A l’inverse, Moussa Koussa et Bachir Saleh ont, eux, des intérêts opposés : ils ne doivent leur salut qu’aux services français et britanniques, qui ont fait le choix de les "exfiltrer" pour mieux comprendre le système Kadhafi. Dès lors, il leur est difficile d’appuyer des accusations mettant en cause le gouvernement qui les a sauvés.

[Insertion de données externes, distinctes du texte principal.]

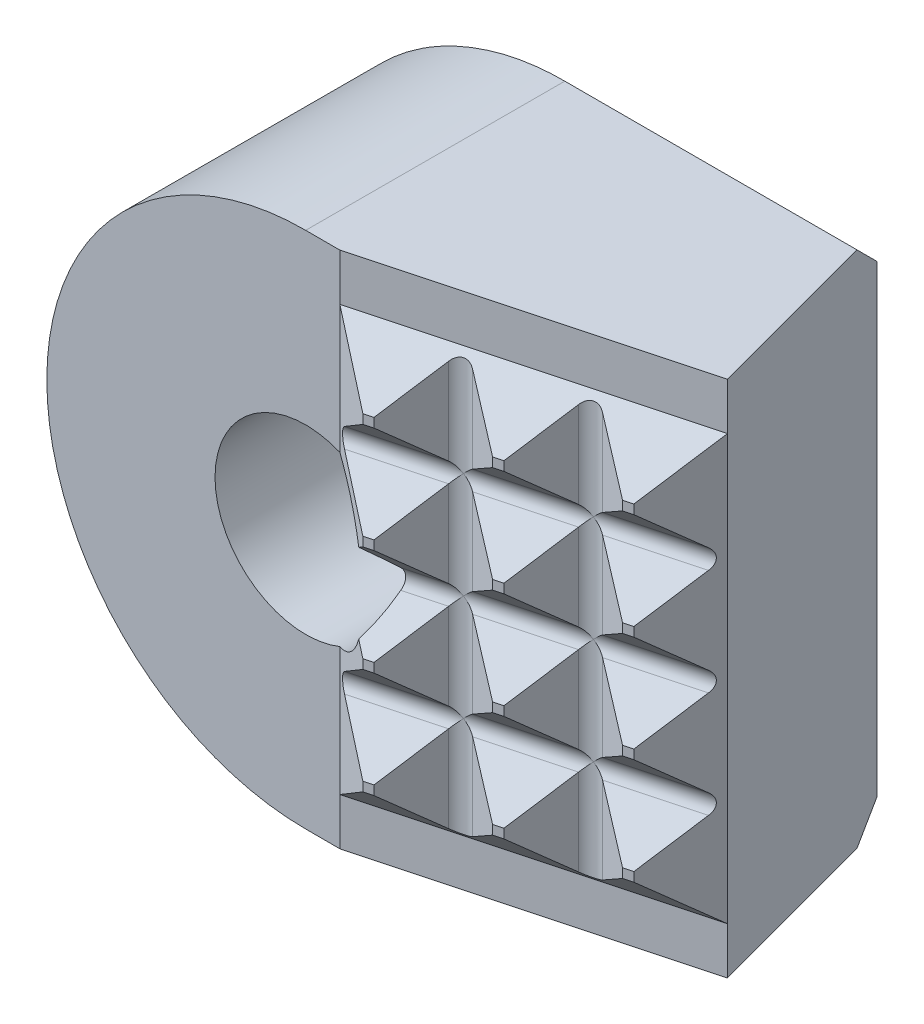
ISO-10303-21;
HEADER;
FILE_DESCRIPTION(('STEP AP214'),'2;1');
FILE_NAME('part.step','',(''),(''),'','','');
FILE_SCHEMA(('AUTOMOTIVE_DESIGN { 1 0 10303 214 1 1 1 1 }'));
ENDSEC;
DATA;
#1=APPLICATION_CONTEXT('core data for automotive mechanical design processes');
#2=APPLICATION_PROTOCOL_DEFINITION('international standard','automotive_design',2000,#1);
#3=PRODUCT_CONTEXT('',#1,'mechanical');
#4=PRODUCT('Part','Part','',(#3));
#5=PRODUCT_RELATED_PRODUCT_CATEGORY('part','',(#4));
#6=PRODUCT_DEFINITION_FORMATION('','',#4);
#7=PRODUCT_DEFINITION_CONTEXT('part definition',#1,'design');
#8=PRODUCT_DEFINITION('design','',#6,#7);
#9=PRODUCT_DEFINITION_SHAPE('','',#8);
#10=(LENGTH_UNIT() NAMED_UNIT(*) SI_UNIT(.MILLI.,.METRE.));
#11=(NAMED_UNIT(*) PLANE_ANGLE_UNIT() SI_UNIT($,.RADIAN.));
#12=(NAMED_UNIT(*) SI_UNIT($,.STERADIAN.) SOLID_ANGLE_UNIT());
#13=UNCERTAINTY_MEASURE_WITH_UNIT(LENGTH_MEASURE(1.E-05),#10,'distance_accuracy_value','');
#14=(GEOMETRIC_REPRESENTATION_CONTEXT(3) GLOBAL_UNCERTAINTY_ASSIGNED_CONTEXT((#13)) GLOBAL_UNIT_ASSIGNED_CONTEXT((#10,
#11,#12)) REPRESENTATION_CONTEXT('',''));
#15=CARTESIAN_POINT('',(0.,0.,0.));
#16=DIRECTION('',(0.,0.,1.));
#17=DIRECTION('',(1.,0.,0.));
#18=AXIS2_PLACEMENT_3D('',#15,#16,#17);
#19=CARTESIAN_POINT('',(-6.7787772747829,0.,10.5128094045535));
#20=DIRECTION('',(0.965925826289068,0.,-0.258819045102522));
#21=DIRECTION('',(0.258819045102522,0.,0.965925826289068));
#22=AXIS2_PLACEMENT_3D('',#19,#20,#21);
#23=CYLINDRICAL_SURFACE('',#22,0.381);
#24=CARTESIAN_POINT('',(2.5,0.,8.42100875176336));
#25=CARTESIAN_POINT('',(2.49999964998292,-0.0212678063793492,8.4210079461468));
#26=CARTESIAN_POINT('',(2.49972579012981,-0.0425483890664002,8.41923256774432));
#27=CARTESIAN_POINT('',(2.49865928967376,-0.084520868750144,8.41217169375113));
#28=CARTESIAN_POINT('',(2.49786612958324,-0.105212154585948,8.40688268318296));
#29=CARTESIAN_POINT('',(2.49584943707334,-0.145396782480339,8.39293380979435));
#30=CARTESIAN_POINT('',(2.494626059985,-0.164890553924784,8.38427516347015));
#31=CARTESIAN_POINT('',(2.49188549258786,-0.20212788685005,8.36382162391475));
#32=CARTESIAN_POINT('',(2.49036836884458,-0.219871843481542,8.35202744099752));
#33=CARTESIAN_POINT('',(2.48721046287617,-0.253106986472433,8.32563315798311));
#34=CARTESIAN_POINT('',(2.48556973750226,-0.268599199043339,8.31103434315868));
#35=CARTESIAN_POINT('',(2.48234678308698,-0.296914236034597,8.27943938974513));
#36=CARTESIAN_POINT('',(2.48076455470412,-0.309737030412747,8.26244322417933));
#37=CARTESIAN_POINT('',(2.47782808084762,-0.332414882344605,8.22648554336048));
#38=CARTESIAN_POINT('',(2.47647454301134,-0.342260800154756,8.20751821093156));
#39=CARTESIAN_POINT('',(2.47414620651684,-0.358705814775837,8.1682049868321));
#40=CARTESIAN_POINT('',(2.47317143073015,-0.36530471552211,8.14785901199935));
#41=CARTESIAN_POINT('',(2.47168628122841,-0.375223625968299,8.10600551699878));
#42=CARTESIAN_POINT('',(2.47118401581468,-0.378486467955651,8.08448419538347));
#43=CARTESIAN_POINT('',(2.47071686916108,-0.381523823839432,8.04119224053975));
#44=CARTESIAN_POINT('',(2.47075208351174,-0.381297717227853,8.0194215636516));
#45=CARTESIAN_POINT('',(2.47135631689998,-0.377361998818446,7.97543935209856));
#46=CARTESIAN_POINT('',(2.47194391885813,-0.373531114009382,7.95323894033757));
#47=CARTESIAN_POINT('',(2.47360592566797,-0.362360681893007,7.90975635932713));
#48=CARTESIAN_POINT('',(2.47468044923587,-0.355020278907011,7.88847441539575));
#49=CARTESIAN_POINT('',(2.47723845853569,-0.336716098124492,7.84666976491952));
#50=CARTESIAN_POINT('',(2.47873478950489,-0.325635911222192,7.82619868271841));
#51=CARTESIAN_POINT('',(2.48194425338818,-0.300194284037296,7.78742021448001));
#52=CARTESIAN_POINT('',(2.48365741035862,-0.285832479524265,7.76911306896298));
#53=CARTESIAN_POINT('',(2.48709314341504,-0.254203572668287,7.73530524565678));
#54=CARTESIAN_POINT('',(2.48881567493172,-0.236945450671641,7.71979619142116));
#55=CARTESIAN_POINT('',(2.49206270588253,-0.199919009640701,7.69210595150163));
#56=CARTESIAN_POINT('',(2.49358728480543,-0.180151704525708,7.67992342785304));
#57=CARTESIAN_POINT('',(2.49616062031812,-0.139875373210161,7.66002514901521));
#58=CARTESIAN_POINT('',(2.49723182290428,-0.119475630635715,7.65209153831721));
#59=CARTESIAN_POINT('',(2.49888427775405,-0.0775622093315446,7.64003566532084));
#60=CARTESIAN_POINT('',(2.49946580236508,-0.0560491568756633,7.63591128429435));
#61=CARTESIAN_POINT('',(2.50004103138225,-0.0141916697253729,7.63183455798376));
#62=CARTESIAN_POINT('',(2.50007402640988,0.00612544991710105,7.63160333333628));
#63=CARTESIAN_POINT('',(2.49964909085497,0.0464934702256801,7.63461056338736));
#64=CARTESIAN_POINT('',(2.49919123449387,0.0665444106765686,7.63784849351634));
#65=CARTESIAN_POINT('',(2.49785333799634,0.105344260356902,7.64753275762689));
#66=CARTESIAN_POINT('',(2.49698324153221,0.12411250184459,7.65390365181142));
#67=CARTESIAN_POINT('',(2.49491729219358,0.160367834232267,7.66956154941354));
#68=CARTESIAN_POINT('',(2.49372138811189,0.177854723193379,7.67884901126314));
#69=CARTESIAN_POINT('',(2.4910673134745,0.211865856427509,7.70046544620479));
#70=CARTESIAN_POINT('',(2.48960017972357,0.228317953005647,7.71290658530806));
#71=CARTESIAN_POINT('',(2.48658842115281,0.259069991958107,7.74020305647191));
#72=CARTESIAN_POINT('',(2.4850437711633,0.273369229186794,7.75505917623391));
#73=CARTESIAN_POINT('',(2.48191525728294,0.300493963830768,7.78792102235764));
#74=CARTESIAN_POINT('',(2.48033661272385,0.313138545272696,7.80607669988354));
#75=CARTESIAN_POINT('',(2.47742687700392,0.335383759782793,7.84418583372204));
#76=CARTESIAN_POINT('',(2.47609586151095,0.344983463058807,7.86413983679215));
#77=CARTESIAN_POINT('',(2.47376613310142,0.361321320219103,7.90637404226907));
#78=CARTESIAN_POINT('',(2.47278752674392,0.367891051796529,7.92872078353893));
#79=CARTESIAN_POINT('',(2.47138144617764,0.377221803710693,7.97421525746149));
#80=CARTESIAN_POINT('',(2.47095398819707,0.379982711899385,7.99736301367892));
#81=CARTESIAN_POINT('',(2.4707126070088,0.381549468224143,8.04376545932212));
#82=CARTESIAN_POINT('',(2.47089777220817,0.380361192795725,8.06701993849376));
#83=CARTESIAN_POINT('',(2.47187044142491,0.373987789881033,8.1129627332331));
#84=CARTESIAN_POINT('',(2.47265781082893,0.368803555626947,8.13565117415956));
#85=CARTESIAN_POINT('',(2.47470856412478,0.354775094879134,8.17892821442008));
#86=CARTESIAN_POINT('',(2.47595352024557,0.346071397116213,8.19956323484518));
#87=CARTESIAN_POINT('',(2.478777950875,0.325222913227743,8.23898903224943));
#88=CARTESIAN_POINT('',(2.48035735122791,0.31307888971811,8.25778021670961));
#89=CARTESIAN_POINT('',(2.4836064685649,0.286140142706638,8.29234204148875));
#90=CARTESIAN_POINT('',(2.48527144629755,0.271446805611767,8.30819225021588));
#91=CARTESIAN_POINT('',(2.48854700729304,0.239561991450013,8.33715589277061));
#92=CARTESIAN_POINT('',(2.49015758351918,0.222370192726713,8.35026897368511));
#93=CARTESIAN_POINT('',(2.4931193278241,0.186226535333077,8.37322782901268));
#94=CARTESIAN_POINT('',(2.49447359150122,0.167300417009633,8.38311380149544));
#95=CARTESIAN_POINT('',(2.49679545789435,0.1280523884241,8.39957382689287));
#96=CARTESIAN_POINT('',(2.49776345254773,0.107731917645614,8.40615123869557));
#97=CARTESIAN_POINT('',(2.49898165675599,0.0727657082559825,8.41431790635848));
#98=CARTESIAN_POINT('',(2.49936165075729,0.0583314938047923,8.41682369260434));
#99=CARTESIAN_POINT('',(2.49987094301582,0.0292668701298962,8.42016939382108));
#100=CARTESIAN_POINT('',(2.50000024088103,0.0146364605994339,8.42100930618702));
#101=CARTESIAN_POINT('',(2.5,0.,8.42100875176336));
#102=B_SPLINE_CURVE_WITH_KNOTS('',3,(#24,#25,#26,#27,#28,#29,#30,#31,#32,#33,#34,#35,#36,#37,
#38,#39,#40,#41,#42,#43,#44,#45,#46,#47,#48,#49,#50,#51,#52,#53,#54,#55,#56,#57,#58,#59,#60,#61,
#62,#63,#64,#65,#66,#67,#68,#69,#70,#71,#72,#73,#74,#75,#76,#77,#78,#79,#80,#81,#82,#83,#84,#85,
#86,#87,#88,#89,#90,#91,#92,#93,#94,#95,#96,#97,#98,#99,#100,#101),.UNSPECIFIED.,.T.,.F.,(4,2,2,
2,2,2,2,2,2,2,2,2,2,2,2,2,2,2,2,2,2,2,2,2,2,2,2,2,2,2,2,2,2,2,2,2,2,2,4),(0.,0.063750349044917,
0.127564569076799,0.19135577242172,0.255132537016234,0.31888014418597,0.382628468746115,
0.446570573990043,0.510516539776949,0.575540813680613,0.640576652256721,0.707881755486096,
0.77520327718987,0.844850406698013,0.914505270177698,0.983948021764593,1.05336280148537,
1.11875686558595,1.18411453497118,1.24476876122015,1.30541381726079,1.36466523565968,
1.42392597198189,1.48569680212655,1.54748782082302,1.61373966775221,1.68001172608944,
1.74962070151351,1.81923172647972,1.88873921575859,1.95823117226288,2.02518611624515,
2.09212622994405,2.15684397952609,2.22157006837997,2.28545606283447,2.34927706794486,
2.39314985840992,2.43702271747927),.UNSPECIFIED.);
#103=CARTESIAN_POINT('',(2.48544151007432,-0.269407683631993,7.7515581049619));
#104=VERTEX_POINT('',#103);
#105=CARTESIAN_POINT('',(2.48544151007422,0.269407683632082,7.751558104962));
#106=VERTEX_POINT('',#105);
#107=EDGE_CURVE('E29',#104,#106,#102,.T.);
#108=ORIENTED_EDGE('',*,*,#107,.F.);
#109=DIRECTION('',(0.965925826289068,0.,-0.258819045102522));
#110=VECTOR('',#109,1.);
#111=CARTESIAN_POINT('',(-6.84850511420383,-0.269407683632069,10.2525815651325));
#112=LINE('',#111,#110);
#113=CARTESIAN_POINT('',(3.5240670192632,-0.269407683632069,7.47325923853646));
#114=VERTEX_POINT('',#113);
#115=EDGE_CURVE('E1276',#104,#114,#112,.T.);
#116=ORIENTED_EDGE('',*,*,#115,.T.);
#117=CARTESIAN_POINT('',(3.85402269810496,0.,7.66375923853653));
#118=DIRECTION('',(-0.683012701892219,0.707106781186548,0.18301270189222));
#119=DIRECTION('',(0.683012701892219,0.707106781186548,-0.18301270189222));
#120=AXIS2_PLACEMENT_3D('',#117,#118,#119);
#121=ELLIPSE('',#120,0.538815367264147,0.381);
#122=CARTESIAN_POINT('',(3.7554126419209,0.,7.2957414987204));
#123=VERTEX_POINT('',#122);
#124=EDGE_CURVE('E872',#123,#114,#121,.T.);
#125=ORIENTED_EDGE('',*,*,#124,.F.);
#126=CARTESIAN_POINT('',(3.85402269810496,0.,7.66375923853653));
#127=DIRECTION('',(0.683012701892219,0.707106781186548,-0.18301270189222));
#128=DIRECTION('',(-0.683012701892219,0.707106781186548,0.18301270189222));
#129=AXIS2_PLACEMENT_3D('',#126,#127,#128);
#130=ELLIPSE('',#129,0.538815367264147,0.381);
#131=CARTESIAN_POINT('',(3.5240670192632,0.269407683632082,7.47325923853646));
#132=VERTEX_POINT('',#131);
#133=EDGE_CURVE('E878',#132,#123,#130,.F.);
#134=ORIENTED_EDGE('',*,*,#133,.F.);
#135=DIRECTION('',(0.965925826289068,0.,-0.258819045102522));
#136=VECTOR('',#135,1.);
#137=CARTESIAN_POINT('',(-6.84850511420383,0.269407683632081,10.2525815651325));
#138=LINE('',#137,#136);
#139=EDGE_CURVE('E904',#106,#132,#138,.T.);
#140=ORIENTED_EDGE('',*,*,#139,.F.);
#141=EDGE_LOOP('',(#108,#116,#125,#134,#140));
#142=FACE_BOUND('',#141,.T.);
#143=ADVANCED_FACE('F14',(#142),#23,.F.);
#144=CARTESIAN_POINT('',(2.53057310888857,-7.1374,8.84109455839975));
#145=DIRECTION('',(0.515287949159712,0.,-0.857017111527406));
#146=DIRECTION('',(0.857017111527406,0.,0.515287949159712));
#147=AXIS2_PLACEMENT_3D('',#144,#145,#146);
#148=PLANE('',#147);
#149=DIRECTION('',(0.695649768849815,-0.584060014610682,0.418264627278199));
#150=VECTOR('',#149,1.);
#151=CARTESIAN_POINT('',(4.88870472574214,-3.31336177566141,10.2589388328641));
#152=LINE('',#151,#150);
#153=CARTESIAN_POINT('',(2.24716685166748,-1.09555517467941,8.67069442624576));
#154=VERTEX_POINT('',#153);
#155=CARTESIAN_POINT('',(2.53057310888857,-1.33350000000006,8.84109455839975));
#156=VERTEX_POINT('',#155);
#157=EDGE_CURVE('E833',#154,#156,#152,.T.);
#158=ORIENTED_EDGE('',*,*,#157,.F.);
#159=CARTESIAN_POINT('',(0.,0.,7.31956854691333));
#160=DIRECTION('',(0.515287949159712,0.,-0.857017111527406));
#161=DIRECTION('',(-0.857017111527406,0.,-0.515287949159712));
#162=AXIS2_PLACEMENT_3D('',#159,#160,#161);
#163=ELLIPSE('',#162,2.9170946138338,2.5);
#164=CARTESIAN_POINT('',(0.94229631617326,-2.31561604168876,7.88613125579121));
#165=VERTEX_POINT('',#164);
#166=EDGE_CURVE('E835',#154,#165,#163,.T.);
#167=ORIENTED_EDGE('',*,*,#166,.T.);
#168=DIRECTION('',(0.,1.,0.));
#169=VECTOR('',#168,1.);
#170=CARTESIAN_POINT('',(0.94229631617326,-7.1374,7.88613125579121));
#171=LINE('',#170,#169);
#172=CARTESIAN_POINT('',(0.94229631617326,-5.84199999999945,7.88613125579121));
#173=VERTEX_POINT('',#172);
#174=EDGE_CURVE('E949',#173,#165,#171,.T.);
#175=ORIENTED_EDGE('',*,*,#174,.F.);
#176=DIRECTION('',(-0.695649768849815,-0.584060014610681,-0.418264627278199));
#177=VECTOR('',#176,1.);
#178=CARTESIAN_POINT('',(1.46244784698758,-5.40528640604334,8.19887625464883));
#179=LINE('',#178,#177);
#180=CARTESIAN_POINT('',(2.53057310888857,-4.50849999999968,8.84109455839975));
#181=VERTEX_POINT('',#180);
#182=EDGE_CURVE('E443',#181,#173,#179,.T.);
#183=ORIENTED_EDGE('',*,*,#182,.F.);
#184=DIRECTION('',(0.,1.,0.));
#185=VECTOR('',#184,1.);
#186=CARTESIAN_POINT('',(2.53057310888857,-7.1374,8.84109455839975));
#187=LINE('',#186,#185);
#188=CARTESIAN_POINT('',(2.53057310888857,-4.25449999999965,8.84109455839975));
#189=VERTEX_POINT('',#188);
#190=EDGE_CURVE('E943',#181,#189,#187,.T.);
#191=ORIENTED_EDGE('',*,*,#190,.T.);
#192=DIRECTION('',(0.695649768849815,-0.584060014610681,0.418264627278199));
#193=VECTOR('',#192,1.);
#194=CARTESIAN_POINT('',(3.70189887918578,-5.23793243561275,9.54536293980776));
#195=LINE('',#194,#193);
#196=CARTESIAN_POINT('',(1.26317668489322,-3.19040768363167,8.07906297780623));
#197=VERTEX_POINT('',#196);
#198=EDGE_CURVE('E1285',#197,#189,#195,.T.);
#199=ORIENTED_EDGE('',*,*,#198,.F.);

C’est d’ailleurs l’analyse de Fabrice Arfi, qui a enquêté sur cette affaire pour Mediapart. "Pourquoi ils démentent ? Il faut voir d’où ces deux hommes parlent aujourd’hui ? Nous avons là deux hommes protégés par la France et le Qatar, qui ont été les deux plus ferventes d’une intervention en Libye", a-t-il rappelé lundi sur Europe 1. Et Fabrice Arfi de poursuivre : "Bachir Saleh est recherché par Interpol. Cet homme devrait être arrêté et livré à la Libye libre et il vit tranquillement en France, protégé administrativement et policièrement. Donc son démenti n’a pas de valeur eu égard à cette situation".